Another study was conducted to examine the possible association between
occupational exposure to noise, working and living in cold conditions,
and the risk of mortality in myocardial infarction and stroke among
workers in the Swedish construction industry who participated in health
examinations between 1971 and 1993. As method, 194,501 workers answered
a questionnaire regarding their working conditions and their health
status. A job exposure matrix was created to categorize 21 different
work groups in a cohort based on their noise exposure levels. The noise
exposure data was derived from a survey of working conditions conducted
by industrial hygienists in the mid-1970s. Noise categories were
assigned to each working group on a scale of 1 to 5, with levels 1 to 3
representing acceptable noise exposure (45-75 dB(A), level 4 indicating
exposure in the range of 76-85 dB(A), and level 5 signifying exposure
above 85 dB(A).
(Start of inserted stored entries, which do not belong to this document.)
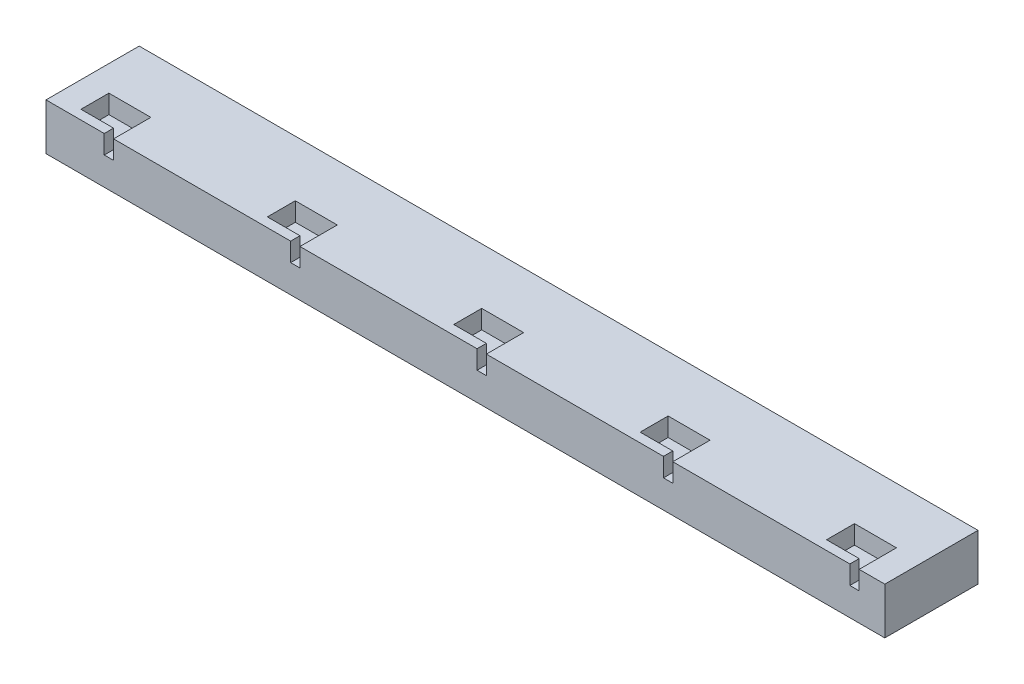
ISO-10303-21;
HEADER;
FILE_DESCRIPTION(('STEP AP214'),'2;1');
FILE_NAME('part.step','',(''),(''),'','','');
FILE_SCHEMA(('AUTOMOTIVE_DESIGN { 1 0 10303 214 1 1 1 1 }'));
ENDSEC;
DATA;
#1=APPLICATION_CONTEXT('core data for automotive mechanical design processes');
#2=APPLICATION_PROTOCOL_DEFINITION('international standard','automotive_design',2000,#1);
#3=PRODUCT_CONTEXT('',#1,'mechanical');
#4=PRODUCT('Part','Part','',(#3));
#5=PRODUCT_RELATED_PRODUCT_CATEGORY('part','',(#4));
#6=PRODUCT_DEFINITION_FORMATION('','',#4);
#7=PRODUCT_DEFINITION_CONTEXT('part definition',#1,'design');
#8=PRODUCT_DEFINITION('design','',#6,#7);
#9=PRODUCT_DEFINITION_SHAPE('','',#8);
#10=(LENGTH_UNIT() NAMED_UNIT(*) SI_UNIT(.MILLI.,.METRE.));
#11=(NAMED_UNIT(*) PLANE_ANGLE_UNIT() SI_UNIT($,.RADIAN.));
#12=(NAMED_UNIT(*) SI_UNIT($,.STERADIAN.) SOLID_ANGLE_UNIT());
#13=UNCERTAINTY_MEASURE_WITH_UNIT(LENGTH_MEASURE(1.E-05),#10,'distance_accuracy_value','');
#14=(GEOMETRIC_REPRESENTATION_CONTEXT(3) GLOBAL_UNCERTAINTY_ASSIGNED_CONTEXT((#13)) GLOBAL_UNIT_ASSIGNED_CONTEXT((#10,
#11,#12)) REPRESENTATION_CONTEXT('',''));
#15=CARTESIAN_POINT('',(0.,0.,0.));
#16=DIRECTION('',(0.,0.,1.));
#17=DIRECTION('',(1.,0.,0.));
#18=AXIS2_PLACEMENT_3D('',#15,#16,#17);
#19=CARTESIAN_POINT('',(90.0000000000001,10.,10.));
#20=DIRECTION('',(-1.,0.,0.));
#21=DIRECTION('',(0.,0.,1.));
#22=AXIS2_PLACEMENT_3D('',#19,#20,#21);
#23=PLANE('',#22);
#24=DIRECTION('',(0.,0.,-1.));
#25=VECTOR('',#24,1.);
#26=CARTESIAN_POINT('',(90.0000000000001,0.,10.));
#27=LINE('',#26,#25);
#28=CARTESIAN_POINT('',(90.0000000000001,0.,10.));
#29=VERTEX_POINT('',#28);
#30=CARTESIAN_POINT('',(90.0000000000001,0.,-10.));
#31=VERTEX_POINT('',#30);
#32=EDGE_CURVE('E467',#29,#31,#27,.T.);
#33=ORIENTED_EDGE('',*,*,#32,.T.);
#34=DIRECTION('',(0.,-1.,0.));
#35=VECTOR('',#34,1.);
#36=CARTESIAN_POINT('',(90.0000000000001,10.,-10.));
#37=LINE('',#36,#35);
#38=CARTESIAN_POINT('',(90.0000000000001,10.,-10.));
#39=VERTEX_POINT('',#38);
#40=EDGE_CURVE('E11',#39,#31,#37,.T.);
#41=ORIENTED_EDGE('',*,*,#40,.F.);
#42=DIRECTION('',(0.,0.,-1.));
#43=VECTOR('',#42,1.);
#44=CARTESIAN_POINT('',(90.0000000000001,10.,10.));
#45=LINE('',#44,#43);
#46=CARTESIAN_POINT('',(90.0000000000001,10.,10.));
#47=VERTEX_POINT('',#46);
#48=EDGE_CURVE('E479',#47,#39,#45,.T.);
#49=ORIENTED_EDGE('',*,*,#48,.F.);
#50=DIRECTION('',(0.,-1.,0.));
#51=VECTOR('',#50,1.);
#52=CARTESIAN_POINT('',(90.0000000000001,10.,10.));
#53=LINE('',#52,#51);
#54=EDGE_CURVE('E491',#47,#29,#53,.T.);
#55=ORIENTED_EDGE('',*,*,#54,.T.);
#56=EDGE_LOOP('',(#33,#41,#49,#55));
#57=FACE_BOUND('',#56,.T.);
#58=ADVANCED_FACE('F41',(#57),#23,.F.);
#59=CARTESIAN_POINT('',(-89.9999999999999,10.,-10.));
#60=DIRECTION('',(0.,0.,1.));
#61=DIRECTION('',(1.,0.,0.));
#62=AXIS2_PLACEMENT_3D('',#59,#60,#61);
#63=PLANE('',#62);
#64=DIRECTION('',(-1.,0.,0.));
#65=VECTOR('',#64,1.);
#66=CARTESIAN_POINT('',(-89.9999999999999,0.,-10.));
#67=LINE('',#66,#65);
#68=CARTESIAN_POINT('',(-89.9999999999999,0.,-10.));
#69=VERTEX_POINT('',#68);
#70=EDGE_CURVE('E495',#31,#69,#67,.T.);
#71=ORIENTED_EDGE('',*,*,#70,.T.);
#72=DIRECTION('',(0.,-1.,0.));
#73=VECTOR('',#72,1.);
#74=CARTESIAN_POINT('',(-89.9999999999999,10.,-10.));
#75=LINE('',#74,#73);
#76=CARTESIAN_POINT('',(-89.9999999999999,10.,-10.));
#77=VERTEX_POINT('',#76);
#78=EDGE_CURVE('E48',#77,#69,#75,.T.);
#79=ORIENTED_EDGE('',*,*,#78,.F.);
#80=DIRECTION('',(-1.,0.,0.));
#81=VECTOR('',#80,1.);
#82=CARTESIAN_POINT('',(-89.9999999999999,10.,-10.));
#83=LINE('',#82,#81);
#84=EDGE_CURVE('E482',#39,#77,#83,.T.);
#85=ORIENTED_EDGE('',*,*,#84,.F.);
#86=ORIENTED_EDGE('',*,*,#40,.T.);
#87=EDGE_LOOP('',(#71,#79,#85,#86));
#88=FACE_BOUND('',#87,.T.);
#89=ADVANCED_FACE('F641',(#88),#63,.F.);
#90=CARTESIAN_POINT('',(-89.9999999999999,10.,10.));
#91=DIRECTION('',(1.,0.,0.));
#92=DIRECTION('',(0.,0.,-1.));
#93=AXIS2_PLACEMENT_3D('',#90,#91,#92);
#94=PLANE('',#93);
#95=DIRECTION('',(0.,0.,1.));
#96=VECTOR('',#95,1.);
#97=CARTESIAN_POINT('',(-89.9999999999999,0.,10.));
#98=LINE('',#97,#96);
#99=CARTESIAN_POINT('',(-89.9999999999999,0.,10.));
#100=VERTEX_POINT('',#99);
#101=EDGE_CURVE('E497',#69,#100,#98,.T.);
#102=ORIENTED_EDGE('',*,*,#101,.T.);
#103=DIRECTION('',(0.,-1.,0.));
#104=VECTOR('',#103,1.);
#105=CARTESIAN_POINT('',(-89.9999999999999,10.,10.));
#106=LINE('',#105,#104);
#107=CARTESIAN_POINT('',(-89.9999999999999,10.,10.));
#108=VERTEX_POINT('',#107);
#109=EDGE_CURVE('E502',#108,#100,#106,.T.);
#110=ORIENTED_EDGE('',*,*,#109,.F.);
#111=DIRECTION('',(0.,0.,1.));
#112=VECTOR('',#111,1.);
#113=CARTESIAN_POINT('',(-89.9999999999999,10.,10.));
#114=LINE('',#113,#112);
#115=EDGE_CURVE('E485',#77,#108,#114,.T.);
#116=ORIENTED_EDGE('',*,*,#115,.F.);
#117=ORIENTED_EDGE('',*,*,#78,.T.);
#118=EDGE_LOOP('',(#102,#110,#116,#117));
#119=FACE_BOUND('',#118,.T.);
#120=ADVANCED_FACE('F509',(#119),#94,.F.);
#121=CARTESIAN_POINT('',(-89.9999999999999,10.,10.));
#122=DIRECTION('',(0.,0.,-1.));
#123=DIRECTION('',(-1.,0.,0.));
#124=AXIS2_PLACEMENT_3D('',#121,#122,#123);
#125=PLANE('',#124);
#126=DIRECTION('',(1.,0.,0.));
#127=VECTOR('',#126,1.);
#128=CARTESIAN_POINT('',(-89.9999999999999,10.,10.));
#129=LINE('',#128,#127);
#130=CARTESIAN_POINT('',(-75.5,10.,10.0000000000011));
#131=VERTEX_POINT('',#130);
#132=CARTESIAN_POINT('',(-37.5,10.,10.0000000000008));
#133=VERTEX_POINT('',#132);
#134=EDGE_CURVE('E492',#131,#133,#129,.T.);
#135=ORIENTED_EDGE('',*,*,#134,.F.);
#136=DIRECTION('',(0.,1.,0.));
#137=VECTOR('',#136,1.);
#138=CARTESIAN_POINT('',(-75.5,6.,10.0000000000011));
#139=LINE('',#138,#137);
#140=CARTESIAN_POINT('',(-75.5,6.,10.0000000000011));
#141=VERTEX_POINT('',#140);
#142=EDGE_CURVE('E405',#141,#131,#139,.T.);
#143=ORIENTED_EDGE('',*,*,#142,.F.);
#144=DIRECTION('',(1.,0.,0.));
#145=VECTOR('',#144,1.);
#146=CARTESIAN_POINT('',(-75.5,6.,10.0000000000011));
#147=LINE('',#146,#145);
#148=CARTESIAN_POINT('',(-77.5,6.,10.0000000000011));
#149=VERTEX_POINT('',#148);
#150=EDGE_CURVE('E423',#149,#141,#147,.T.);
#151=ORIENTED_EDGE('',*,*,#150,.F.);
#152=DIRECTION('',(0.,1.,0.));
#153=VECTOR('',#152,1.);
#154=CARTESIAN_POINT('',(-77.5,6.,10.0000000000011));
#155=LINE('',#154,#153);
#156=CARTESIAN_POINT('',(-77.5,10.,10.0000000000011));
#157=VERTEX_POINT('',#156);
#158=EDGE_CURVE('E402',#149,#157,#155,.T.);
#159=ORIENTED_EDGE('',*,*,#158,.T.);
#160=EDGE_CURVE('E488',#108,#157,#129,.T.);
#161=ORIENTED_EDGE('',*,*,#160,.F.);
#162=ORIENTED_EDGE('',*,*,#109,.T.);
#163=DIRECTION('',(1.,0.,0.));
#164=VECTOR('',#163,1.);
#165=CARTESIAN_POINT('',(-89.9999999999999,0.,10.));
#166=LINE('',#165,#164);
#167=EDGE_CURVE('E483',#100,#29,#166,.T.);
#168=ORIENTED_EDGE('',*,*,#167,.T.);
#169=ORIENTED_EDGE('',*,*,#54,.F.);
#170=CARTESIAN_POINT('',(84.5,10.,10.));
#171=VERTEX_POINT('',#170);
#172=EDGE_CURVE('E487',#171,#47,#129,.T.);
#173=ORIENTED_EDGE('',*,*,#172,.F.);
#174=DIRECTION('',(0.,1.,0.));
#175=VECTOR('',#174,1.);
#176=CARTESIAN_POINT('',(84.5,6.,10.));
#177=LINE('',#176,#175);
#178=CARTESIAN_POINT('',(84.5,6.,10.));
#179=VERTEX_POINT('',#178);
#180=EDGE_CURVE('E270',#179,#171,#177,.T.);
#181=ORIENTED_EDGE('',*,*,#180,.F.);
#182=DIRECTION('',(1.,0.,0.));
#183=VECTOR('',#182,1.);
#184=CARTESIAN_POINT('',(84.5,6.,10.));
#185=LINE('',#184,#183);
#186=CARTESIAN_POINT('',(82.5,6.,10.));
#187=VERTEX_POINT('',#186);
#188=EDGE_CURVE('E296',#187,#179,#185,.T.);
#189=ORIENTED_EDGE('',*,*,#188,.F.);
#190=DIRECTION('',(0.,1.,0.));
#191=VECTOR('',#190,1.);
#192=CARTESIAN_POINT('',(82.5,6.,10.));
#193=LINE('',#192,#191);
#194=CARTESIAN_POINT('',(82.5,10.,10.));
#195=VERTEX_POINT('',#194);
#196=EDGE_CURVE('E610',#187,#195,#193,.T.);
#197=ORIENTED_EDGE('',*,*,#196,.T.);
#198=CARTESIAN_POINT('',(44.5,10.,10.0000000000003));
#199=VERTEX_POINT('',#198);
#200=EDGE_CURVE('E524',#199,#195,#129,.T.);
#201=ORIENTED_EDGE('',*,*,#200,.F.);
#202=DIRECTION('',(0.,1.,0.));
#203=VECTOR('',#202,1.);
#204=CARTESIAN_POINT('',(44.5,6.,10.0000000000003));
#205=LINE('',#204,#203);
#206=CARTESIAN_POINT('',(44.5,6.,10.0000000000003));
#207=VERTEX_POINT('',#206);
#208=EDGE_CURVE('E468',#207,#199,#205,.T.);
#209=ORIENTED_EDGE('',*,*,#208,.F.);
#210=DIRECTION('',(1.,0.,0.));
#211=VECTOR('',#210,1.);
#212=CARTESIAN_POINT('',(44.5,6.,10.0000000000003));
#213=LINE('',#212,#211);
#214=CARTESIAN_POINT('',(42.5,6.,10.0000000000003));
#215=VERTEX_POINT('',#214);
#216=EDGE_CURVE('E450',#215,#207,#213,.T.);
#217=ORIENTED_EDGE('',*,*,#216,.F.);
#218=DIRECTION('',(0.,1.,0.));
#219=VECTOR('',#218,1.);
#220=CARTESIAN_POINT('',(42.5,6.,10.0000000000003));
#221=LINE('',#220,#219);
#222=CARTESIAN_POINT('',(42.5,10.,10.0000000000003));
#223=VERTEX_POINT('',#222);
#224=EDGE_CURVE('E470',#215,#223,#221,.T.);
#225=ORIENTED_EDGE('',*,*,#224,.T.);
#226=CARTESIAN_POINT('',(4.50000000000002,10.,10.0000000000006));
#227=VERTEX_POINT('',#226);
#228=EDGE_CURVE('E526',#227,#223,#129,.T.);
#229=ORIENTED_EDGE('',*,*,#228,.F.);
#230=DIRECTION('',(0.,1.,0.));
#231=VECTOR('',#230,1.);
#232=CARTESIAN_POINT('',(4.50000000000002,6.,10.0000000000006));
#233=LINE('',#232,#231);
#234=CARTESIAN_POINT('',(4.50000000000002,6.,10.0000000000006));
#235=VERTEX_POINT('',#234);
#236=EDGE_CURVE('E321',#235,#227,#233,.T.);
#237=ORIENTED_EDGE('',*,*,#236,.F.);
#238=DIRECTION('',(1.,0.,0.));
#239=VECTOR('',#238,1.);
#240=CARTESIAN_POINT('',(4.50000000000002,6.,10.0000000000006));
#241=LINE('',#240,#239);
#242=CARTESIAN_POINT('',(2.50000000000002,6.,10.0000000000006));
#243=VERTEX_POINT('',#242);
#244=EDGE_CURVE('E339',#243,#235,#241,.T.);
#245=ORIENTED_EDGE('',*,*,#244,.F.);
#246=DIRECTION('',(0.,1.,0.));
#247=VECTOR('',#246,1.);
#248=CARTESIAN_POINT('',(2.50000000000002,6.,10.0000000000006));
#249=LINE('',#248,#247);
#250=CARTESIAN_POINT('',(2.50000000000002,10.,10.0000000000006));
#251=VERTEX_POINT('',#250);
#252=EDGE_CURVE('E318',#243,#251,#249,.T.);
#253=ORIENTED_EDGE('',*,*,#252,.T.);
#254=CARTESIAN_POINT('',(-35.5,10.,10.0000000000008));
#255=VERTEX_POINT('',#254);
#256=EDGE_CURVE('E531',#255,#251,#129,.T.);
#257=ORIENTED_EDGE('',*,*,#256,.F.);
#258=DIRECTION('',(0.,1.,0.));
#259=VECTOR('',#258,1.);
#260=CARTESIAN_POINT('',(-35.5,6.,10.0000000000008));
#261=LINE('',#260,#259);
#262=CARTESIAN_POINT('',(-35.5,6.,10.0000000000008));
#263=VERTEX_POINT('',#262);
#264=EDGE_CURVE('E363',#263,#255,#261,.T.);
#265=ORIENTED_EDGE('',*,*,#264,.F.);
#266=DIRECTION('',(1.,0.,0.));
#267=VECTOR('',#266,1.);
#268=CARTESIAN_POINT('',(-35.5,6.,10.0000000000008));
#269=LINE('',#268,#267);
#270=CARTESIAN_POINT('',(-37.5,6.,10.0000000000008));
#271=VERTEX_POINT('',#270);
#272=EDGE_CURVE('E381',#271,#263,#269,.T.);
#273=ORIENTED_EDGE('',*,*,#272,.F.);
#274=DIRECTION('',(0.,1.,0.));
#275=VECTOR('',#274,1.);
#276=CARTESIAN_POINT('',(-37.5,6.,10.0000000000008));
#277=LINE('',#276,#275);
#278=EDGE_CURVE('E360',#271,#133,#277,.T.);
#279=ORIENTED_EDGE('',*,*,#278,.T.);
#280=EDGE_LOOP('',(#135,#143,#151,#159,#161,#162,#168,#169,#173,#181,#189,#197,#201,#209,#217,
#225,#229,#237,#245,#253,#257,#265,#273,#279));
#281=FACE_BOUND('',#280,.T.);
#282=ADVANCED_FACE('F519',(#281),#125,.F.);
#283=CARTESIAN_POINT('',(0.,10.,0.));
#284=DIRECTION('',(0.,-1.,0.));
#285=DIRECTION('',(0.,0.,-1.));
#286=AXIS2_PLACEMENT_3D('',#283,#284,#285);
#287=PLANE('',#286);
#288=DIRECTION('',(-1.,0.,0.));
#289=VECTOR('',#288,1.);
#290=CARTESIAN_POINT('',(-75.5,10.,2.00000000000112));
#291=LINE('',#290,#289);
#292=CARTESIAN_POINT('',(-75.5,10.,2.00000000000112));
#293=VERTEX_POINT('',#292);
#294=CARTESIAN_POINT('',(-84.5,10.,2.00000000000112));
#295=VERTEX_POINT('',#294);
#296=EDGE_CURVE('E55',#293,#295,#291,.T.);
#297=ORIENTED_EDGE('',*,*,#296,.F.);
#298=DIRECTION('',(0.,0.,-1.));
#299=VECTOR('',#298,1.);
#300=CARTESIAN_POINT('',(-75.5,10.,2.00000000000112));
#301=LINE('',#300,#299);
#302=EDGE_CURVE('E409',#131,#293,#301,.T.);
#303=ORIENTED_EDGE('',*,*,#302,.F.);
#304=ORIENTED_EDGE('',*,*,#134,.T.);
#305=DIRECTION('',(0.,0.,1.));
#306=VECTOR('',#305,1.);
#307=CARTESIAN_POINT('',(-37.5,10.,8.0000000000014));
#308=LINE('',#307,#306);
#309=CARTESIAN_POINT('',(-37.5,10.,8.0000000000014));
#310=VERTEX_POINT('',#309);
#311=EDGE_CURVE('E370',#310,#133,#308,.T.);
#312=ORIENTED_EDGE('',*,*,#311,.F.);
#313=DIRECTION('',(1.,0.,0.));
#314=VECTOR('',#313,1.);
#315=CARTESIAN_POINT('',(-37.5,10.,8.0000000000014));
#316=LINE('',#315,#314);
#317=CARTESIAN_POINT('',(-44.5,10.,8.0000000000014));
#318=VERTEX_POINT('',#317);
#319=EDGE_CURVE('E373',#318,#310,#316,.T.);
#320=ORIENTED_EDGE('',*,*,#319,.F.);
#321=DIRECTION('',(0.,0.,1.));
#322=VECTOR('',#321,1.);
#323=CARTESIAN_POINT('',(-44.5,10.,2.00000000000084));
#324=LINE('',#323,#322);
#325=CARTESIAN_POINT('',(-44.5,10.,2.00000000000084));
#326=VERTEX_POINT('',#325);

For analysis purposes, these noise categories were
grouped into low (≤75 dB(A)), moderate (76-85 dB(A)), and high
(>85 dB(A)) levels. The study highlights a correlation
between working in environments with hazardous noise levels and residing
and working in cold conditions, leading to an elevated risk of mortality
in cases of myocardial infarction evidenced by increased myocardial
infarction and stroke mortality with both moderate (76–85 dB) and high
noise exposure (> 85 dB). There was a significant increase
in myocardial infarction in the coldest region. Noise exposure and
climate region interacted to increase the risk of myocardial infarction,
with the highest risks observed in individuals exposed to high noise
levels while living and working in cold climates. The greatest relative
risk of myocardial infarction occurred in the coldest region among those
with the highest noise exposure however, this interaction did not affect
stroke mortality (17).
The relations between physical, psychosocial and individual
characteristics and different endpoints of prevalence of musculoskeletal
disorder complaints of low back, neck, shoulders and hand or wrist was
investigated in dentists. Musculoskeletal disorders encompass various
medical conditions affecting the musculoskeletal system, including both
soft tissues (muscles, tendons, ligaments) and hard tissues (bones).
These disorders can lead to issues such as pain, inflammation, and
reduced mobility. Soft tissue problems may involve inflammation or
tears, while hard tissue conditions include fractures, arthritis, or
osteoporosis. Overall, musculoskeletal disorders emphasize the
interconnectedness of both soft and hard body tissues in maintaining
musculoskeletal health. A survey involving 430 dentists in Thessaloniki,
Greece, with an 88% response rate, collected data on physical and
psychosocial workload, need for recovery, perceived general health, and
musculoskeletal complaints in the past year. Logistic regression
analysis was used to estimate odds ratios for various risk factors
related to these complaints, including chronic issues lasting at least
one month, complaints leading to sickness absence, and the seeking of
medical care. As result, the physical load among the dentists seems to
put them at risk for occurrence of musculoskeletal disorders with the
result from the questionnaire showing that from the total of 430
participants, 62% of all subjects reported at least one musculoskeletal
complaint, 35% reported at least two musculoskeletal complaints, 15%
reported at least three musculoskeletal complaints and 6% reported
spells of all four complaints in the past 12 months. Subjects with back
pain more often reported neck pain (41%) and hand/wrist pain (38%)
than those without back pain (13% and 16%, respectively). Neck and
hand/wrist pain was strongly associated since 50% of subjects with neck
pain also experienced hand/wrist pain in the past 12 months. Dentists’
physical workload appears to increase their risk of musculoskeletal
disorders. Severe and multiple complaints are linked to their general
health perception, while high perceived exertion and social factors are
connected to sickness absence. Chronic symptoms play a role in seeking
medical care. Preventing hand/wrist complaints may benefit from
ergonomic interventions. When studying the impact of work-related risk
factors on musculoskeletal health, it’s important to consider
psychosocial and personal characteristics (18).